At this point, it is important to underscore that most clinical laboratories only know the analytical sensitivity of the molecular PCR tests. In other words, laboratories have determined the limit of detection of these assays using control material and known positive samples. The clinical sensitivity, or the number of times the test will be positive in patients with COVID-19, still needs to be defined. The true clinical sensitivity of COVID-19 PCR tests likely depends on several factors, including when the sample is collected in relation to the patient’s disease course, the sample type, the quality of the sample that is collected, and the performance characteristics of the test itself.
With regards of sensitivity of PCR, there was a recent study published in the Journal of the American Medical Association that assessed the detection rate of PCR using different sample types in hospitalized patients. The detection rate in these various sample types range significantly, and as you can see on this slide, the highest rate of positive results was achieved when testing BAL fluid and sputum: 93% of the BAL were positive, and 72% of the sputum samples were positive in these patients. However, the number of positive results decreased in sample types such as nasal swabs and throat swabs at 63% and 32% respectively. I think these data are attributing to some of the information of a 60% sensitivity for PCR. But it’s really important to underscore when these patients were tested as these were mainly hospital patients. They were likely further along in their disease course, and we know now from the viral transmission data, again, that the virus tends to decrease in viral load in the upper respiratory tract further along in the disease. So this data actually makes a lot of sense—being that these are hospitalized patients—the virus is likely present at higher amounts in the lower respiratory tract, which we can see by the positivity rates and sample types such as BAL and sputum.

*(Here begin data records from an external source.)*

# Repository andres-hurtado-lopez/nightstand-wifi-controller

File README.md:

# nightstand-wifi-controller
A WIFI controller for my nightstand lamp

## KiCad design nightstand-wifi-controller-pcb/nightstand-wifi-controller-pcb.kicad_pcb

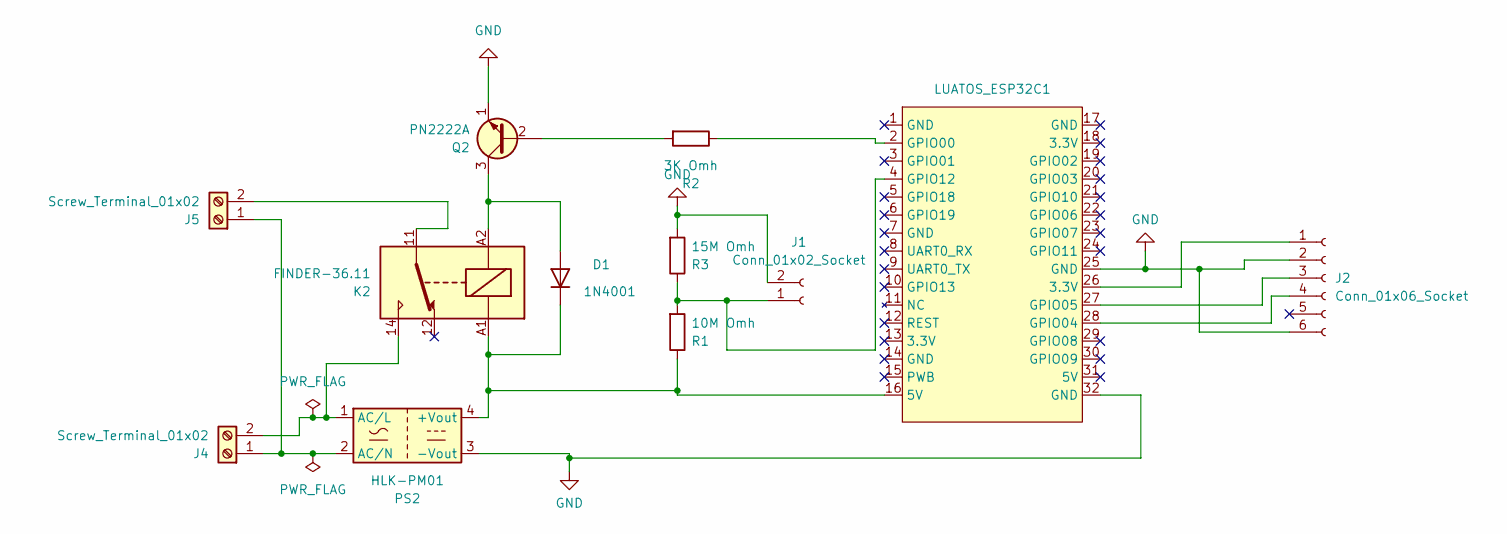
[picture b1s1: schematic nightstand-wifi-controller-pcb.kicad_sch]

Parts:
D1: 1N4001; D_DO-41_SOD81_P10.16mm_Horizontal
J1: Conn_01x02_Socket; PinSocket_1x02_P2.54mm_Vertical
J2: Conn_01x06_Socket; PinSocket_1x06_P2.54mm_Vertical
J4, J5: Screw_Terminal_01x02; TerminalBlock_Altech_AK300-2_P5.00mm
K2: FINDER-36.11; Relay_SPDT_Finder_36.11
LUATOS_ESP32C1: luatos_esp32c3
PS2: HLK-PM01; Converter_ACDC_HiLink_HLK-PMxx
Q2: PN2222A; TO-92_HandSolder
R1: 10M Omh; R_Axial_DIN0207_L6.3mm_D2.5mm_P10.16mm_Horizontal
R2: 3K Omh; R_Axial_DIN0207_L6.3mm_D2.5mm_P10.16mm_Horizontal
R3: 15M Omh; R_Axial_DIN0207_L6.3mm_D2.5mm_P10.16mm_Horizontal

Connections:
GND: J1.2, J2.2, J2.6, LUATOS_ESP32C1.25 (GND), LUATOS_ESP32C1.32 (GND), PS2.3 (-Vout), Q2.1 (E), R3.2
unnamed: D1.2 (A), K2.A2, Q2.3 (C)
unnamed: D1.1 (K), K2.A1, LUATOS_ESP32C1.16 (5V), PS2.4 (+Vout), R1.1
unnamed: J1.1, LUATOS_ESP32C1.4 (GPIO12), R1.2, R3.1
unnamed: J2.1, LUATOS_ESP32C1.26 (3.3V)
unnamed: J2.3, LUATOS_ESP32C1.27 (GPIO05)
unnamed: J2.4, LUATOS_ESP32C1.28 (GPIO04)
unnamed: J4.1, J5.1, PS2.2 (AC/N)
unnamed: J4.2, K2.14, PS2.1 (AC/L)
unnamed: J5.2, K2.11
unnamed: LUATOS_ESP32C1.2 (GPIO00), R2.1
unnamed: Q2.2 (B), R2.2

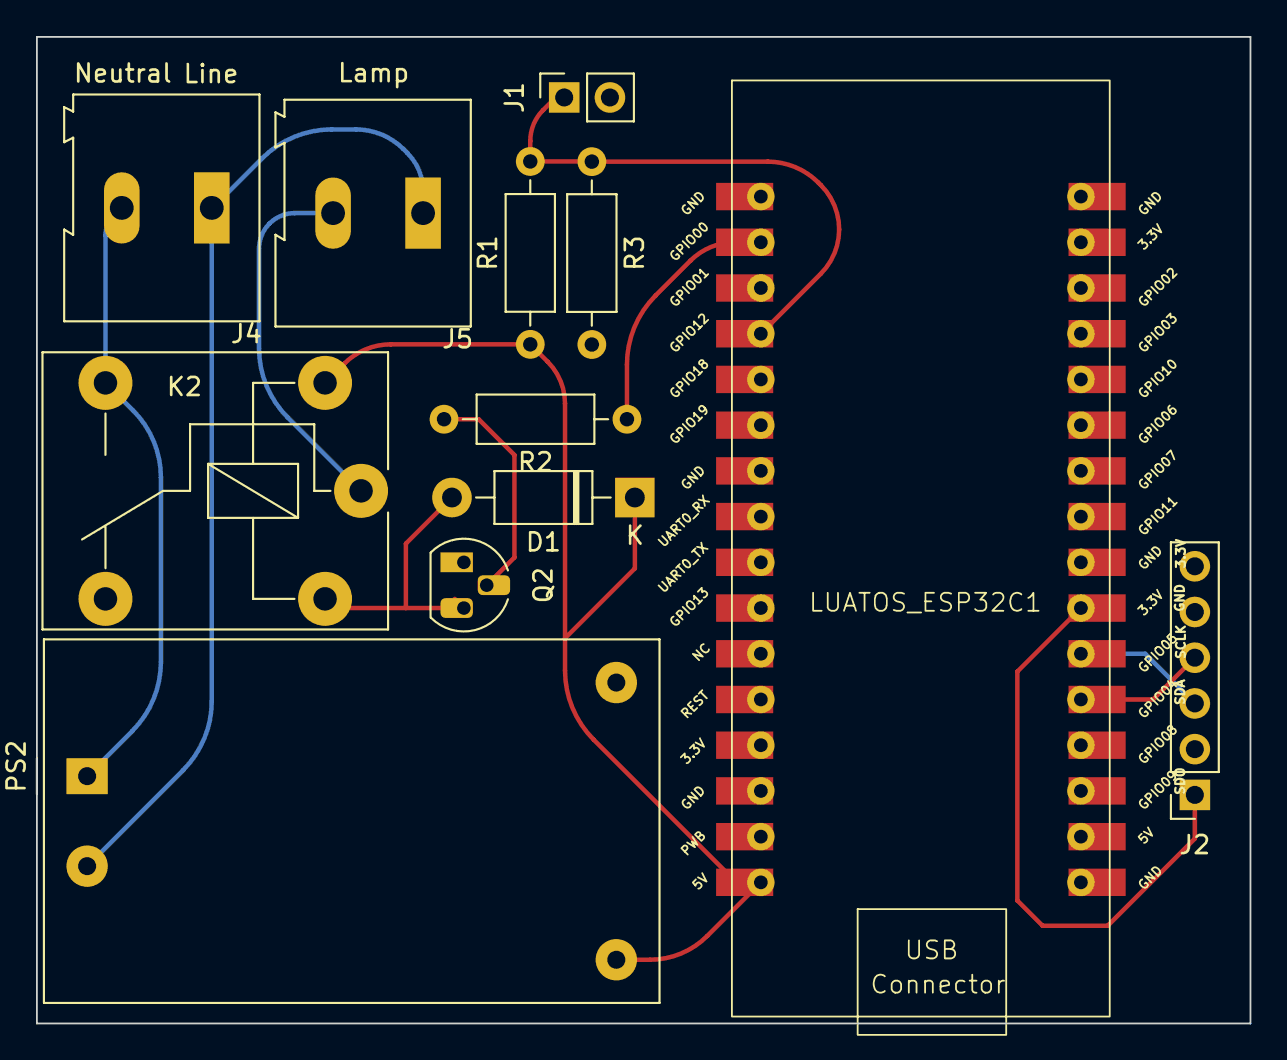
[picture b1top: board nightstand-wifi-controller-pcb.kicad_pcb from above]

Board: 2 copper layers, 67.4 x 54.8 mm, 12 parts (0 on the bottom side), 12 nets.

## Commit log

2023-12-28 First approach to create webserver. Pending to define connection to wifi
2023-12-31 Changed WIFI connection strategy to infrastructure client with DHCP. HTML menu implemented
2024-01-02 Added GIO task control. Led indicator for sucessful WIFI connection
2024-01-03 -Datasheets added -Attempt for sensor BMP280 support failed
2024-01-05 Read sensor data fixed on hardware and software.
    Temperature read first approach
2024-01-05 log removed
2024-01-05 Temperature capture achieved. Pressure capture still pending to decode reading
2024-01-06 Sensor datasheet
2024-01-06 PCB circuit design. Schematic
2024-01-07 First Approach to a PCB design
2024-01-07 Missing schematic changes
2024-01-07 PCB design completeed and JLCPCB Design rules set up
2024-01-07 Header pin sizes fixed from 1.27mm to 2.54mm
2024-01-08 GND fill fixed and Silkscreen of temperature sensor
2024-01-10 Fix on earth for mcu module
2024-01-20 Snubber diod added to relay coil and temp sensor socket location fixed
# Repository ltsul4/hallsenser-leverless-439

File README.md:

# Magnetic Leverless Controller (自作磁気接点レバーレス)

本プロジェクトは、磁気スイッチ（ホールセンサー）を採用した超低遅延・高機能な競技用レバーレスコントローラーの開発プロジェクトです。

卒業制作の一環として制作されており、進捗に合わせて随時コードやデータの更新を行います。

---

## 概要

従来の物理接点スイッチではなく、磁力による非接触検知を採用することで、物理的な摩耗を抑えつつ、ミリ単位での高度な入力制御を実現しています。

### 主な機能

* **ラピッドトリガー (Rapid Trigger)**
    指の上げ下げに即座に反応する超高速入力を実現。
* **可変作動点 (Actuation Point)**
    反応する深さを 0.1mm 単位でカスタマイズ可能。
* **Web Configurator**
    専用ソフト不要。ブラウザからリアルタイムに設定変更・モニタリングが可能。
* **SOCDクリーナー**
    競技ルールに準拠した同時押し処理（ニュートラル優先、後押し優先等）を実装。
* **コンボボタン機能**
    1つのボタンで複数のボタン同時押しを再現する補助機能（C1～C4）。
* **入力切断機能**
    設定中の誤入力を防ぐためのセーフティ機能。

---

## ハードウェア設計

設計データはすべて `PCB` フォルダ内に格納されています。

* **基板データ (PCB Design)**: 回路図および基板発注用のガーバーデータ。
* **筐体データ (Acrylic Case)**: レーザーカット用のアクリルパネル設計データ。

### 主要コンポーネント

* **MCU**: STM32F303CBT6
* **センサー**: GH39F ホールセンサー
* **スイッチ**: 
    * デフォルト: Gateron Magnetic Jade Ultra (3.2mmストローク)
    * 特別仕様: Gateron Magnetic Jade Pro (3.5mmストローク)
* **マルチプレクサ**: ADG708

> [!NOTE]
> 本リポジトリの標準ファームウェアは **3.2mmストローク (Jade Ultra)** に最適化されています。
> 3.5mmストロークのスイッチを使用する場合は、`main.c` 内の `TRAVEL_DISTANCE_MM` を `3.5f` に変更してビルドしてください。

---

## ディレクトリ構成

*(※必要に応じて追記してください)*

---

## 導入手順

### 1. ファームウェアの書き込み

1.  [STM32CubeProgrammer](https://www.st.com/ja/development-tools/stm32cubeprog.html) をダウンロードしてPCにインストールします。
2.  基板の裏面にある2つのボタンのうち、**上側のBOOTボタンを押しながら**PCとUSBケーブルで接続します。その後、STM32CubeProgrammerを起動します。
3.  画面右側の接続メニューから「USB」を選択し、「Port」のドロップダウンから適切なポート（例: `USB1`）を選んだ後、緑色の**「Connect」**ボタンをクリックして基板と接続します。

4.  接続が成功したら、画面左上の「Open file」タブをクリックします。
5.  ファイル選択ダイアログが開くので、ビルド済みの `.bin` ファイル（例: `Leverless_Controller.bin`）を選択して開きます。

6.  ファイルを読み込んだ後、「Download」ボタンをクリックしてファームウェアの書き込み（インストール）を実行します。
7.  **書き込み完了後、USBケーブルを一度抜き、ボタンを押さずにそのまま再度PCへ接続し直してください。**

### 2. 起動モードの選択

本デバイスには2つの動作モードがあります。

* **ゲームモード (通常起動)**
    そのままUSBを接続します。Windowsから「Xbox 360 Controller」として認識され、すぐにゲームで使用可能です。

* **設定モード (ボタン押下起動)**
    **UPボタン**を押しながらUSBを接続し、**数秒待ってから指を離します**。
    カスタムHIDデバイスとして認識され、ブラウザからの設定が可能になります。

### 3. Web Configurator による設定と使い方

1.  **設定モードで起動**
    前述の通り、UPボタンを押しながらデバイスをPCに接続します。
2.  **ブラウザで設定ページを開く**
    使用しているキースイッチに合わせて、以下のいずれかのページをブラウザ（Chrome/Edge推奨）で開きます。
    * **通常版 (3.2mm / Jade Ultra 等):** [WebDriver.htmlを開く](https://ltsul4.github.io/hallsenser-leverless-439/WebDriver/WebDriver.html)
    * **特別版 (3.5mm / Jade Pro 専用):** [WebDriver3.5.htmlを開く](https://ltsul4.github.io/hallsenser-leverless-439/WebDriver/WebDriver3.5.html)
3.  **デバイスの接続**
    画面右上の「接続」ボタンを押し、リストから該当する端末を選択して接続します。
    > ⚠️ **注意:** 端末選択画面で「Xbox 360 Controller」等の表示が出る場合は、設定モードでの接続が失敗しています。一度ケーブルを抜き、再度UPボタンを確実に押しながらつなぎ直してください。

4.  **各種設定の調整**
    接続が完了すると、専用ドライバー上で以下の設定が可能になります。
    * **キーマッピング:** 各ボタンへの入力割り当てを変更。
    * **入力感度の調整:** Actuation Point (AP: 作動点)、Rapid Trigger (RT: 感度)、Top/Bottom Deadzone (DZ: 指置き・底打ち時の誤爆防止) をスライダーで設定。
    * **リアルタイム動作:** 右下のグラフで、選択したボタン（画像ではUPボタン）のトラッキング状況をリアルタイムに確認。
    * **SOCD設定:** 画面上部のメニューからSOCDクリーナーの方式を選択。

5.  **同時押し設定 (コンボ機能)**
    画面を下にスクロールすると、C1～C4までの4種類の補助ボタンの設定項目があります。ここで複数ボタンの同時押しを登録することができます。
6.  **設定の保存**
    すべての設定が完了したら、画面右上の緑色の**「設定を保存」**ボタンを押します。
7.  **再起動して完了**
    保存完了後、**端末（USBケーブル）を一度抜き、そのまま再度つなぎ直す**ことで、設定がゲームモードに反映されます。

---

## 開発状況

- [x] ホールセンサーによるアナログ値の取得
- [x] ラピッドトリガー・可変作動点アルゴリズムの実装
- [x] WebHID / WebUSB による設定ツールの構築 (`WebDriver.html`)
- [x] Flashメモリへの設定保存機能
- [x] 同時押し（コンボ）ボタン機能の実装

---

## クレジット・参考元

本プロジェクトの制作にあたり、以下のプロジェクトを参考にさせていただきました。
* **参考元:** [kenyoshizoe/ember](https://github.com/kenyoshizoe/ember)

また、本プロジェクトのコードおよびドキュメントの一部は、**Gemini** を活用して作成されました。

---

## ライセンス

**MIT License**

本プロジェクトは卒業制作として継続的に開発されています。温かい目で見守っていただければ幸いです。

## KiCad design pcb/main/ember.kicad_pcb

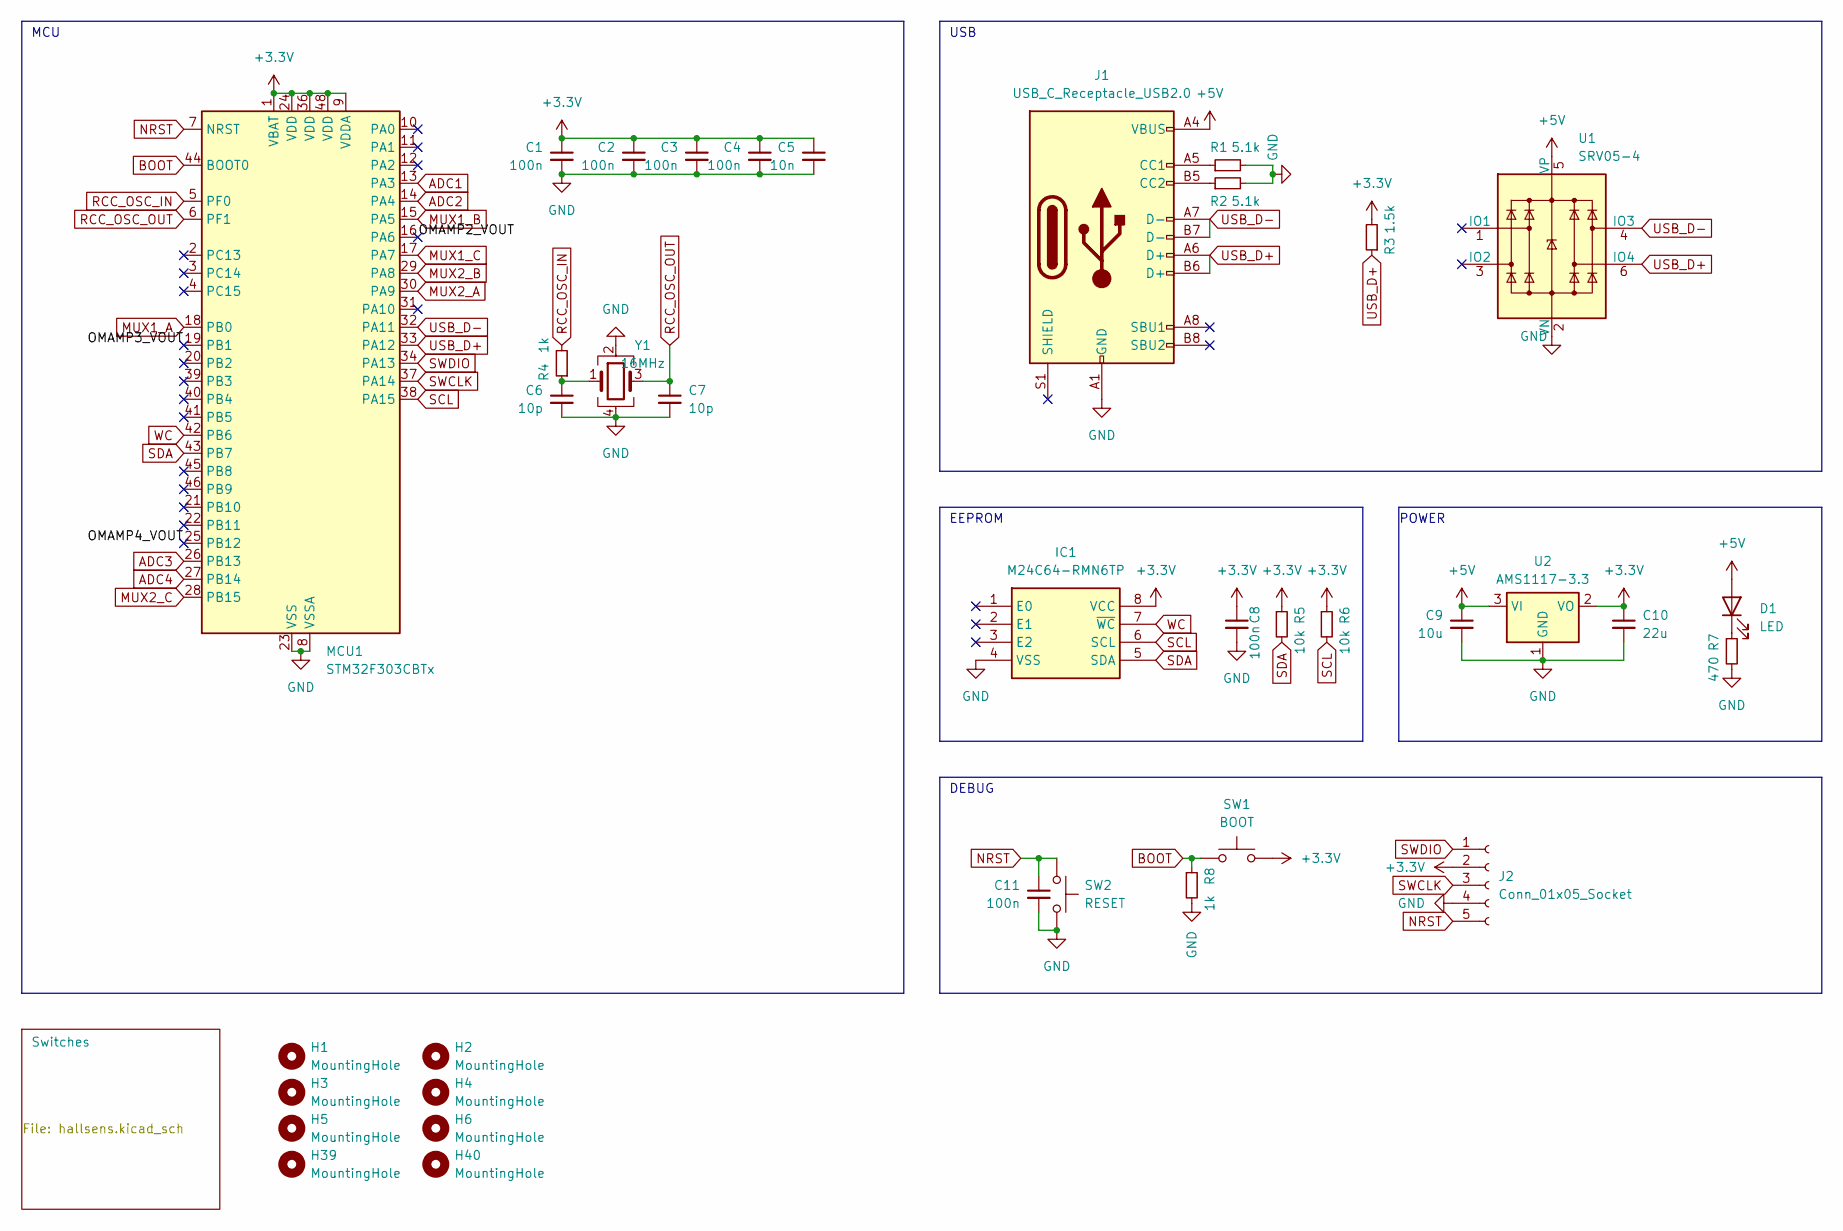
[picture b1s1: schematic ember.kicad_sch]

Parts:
C1, C2, C3, C4, C8, C11: 100n; C_0603_1608Metric; LCSC C14663
C5: 10n; C_0603_1608Metric; LCSC C57112
C6, C7: 10p; C_0603_1608Metric; LCSC C1634
C9: 10u; C_0603_1608Metric; LCSC C19702
C10: 22u; C_0603_1608Metric; LCSC C59461
D1: LED; LED_0603_1608Metric; LCSC C72043
H1, H2, H3, H4, H5, H6, H39, H40: MountingHole; MountingHole_2.2mm_M2
IC1: M24C64-RMN6TP; SOIC127P600X175-8N; Mouser Part Number 511-M24C64-RMN6TP
J1: USB_C_Receptacle_USB2.0; USB_C_Receptacle_XKB_U262-16XN-4BVC11; LCSC C319148
J2: Conn_01x05_Socket; PinSocket_1x05_P2.54mm_Vertical
MCU1: STM32F303CBTx; LQFP-48_7x7mm_P0.5mm; LCSC C108516
R1, R2: 5.1k; R_0603_1608Metric; LCSC C23186
R3: 1.5k; R_0603_1608Metric; LCSC C22843
R4, R8: 1k; R_0603_1608Metric; LCSC C21190
R5, R6: 10k; R_0603_1608Metric; LCSC C25804
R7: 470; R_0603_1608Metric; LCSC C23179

In summary, COVID-19 is continuing to cause a worldwide pandemic involving millions of cases. It’s caused by a variant virus called SARS-CoV-2. We now have several laboratory tests for SARS-CoV-2. Real-time PCR is used for acute diagnosis of patients with symptoms, and serology can be used to determine whether an individual has been exposed to the virus and mounted an antibody response.
Importantly, the sensitivity of PCR testing depends on a number of factors, including the timing of disease, when the test is performed, the type of sample that is collected, the quality of the sample, and finally, the performance characteristics of the test itself.
Thanks very much for joining me for this Hot Topic on COVID-19 molecular testing, and if you have any questions, you can submit them to Mayo Clinic Laboratories. Thank you.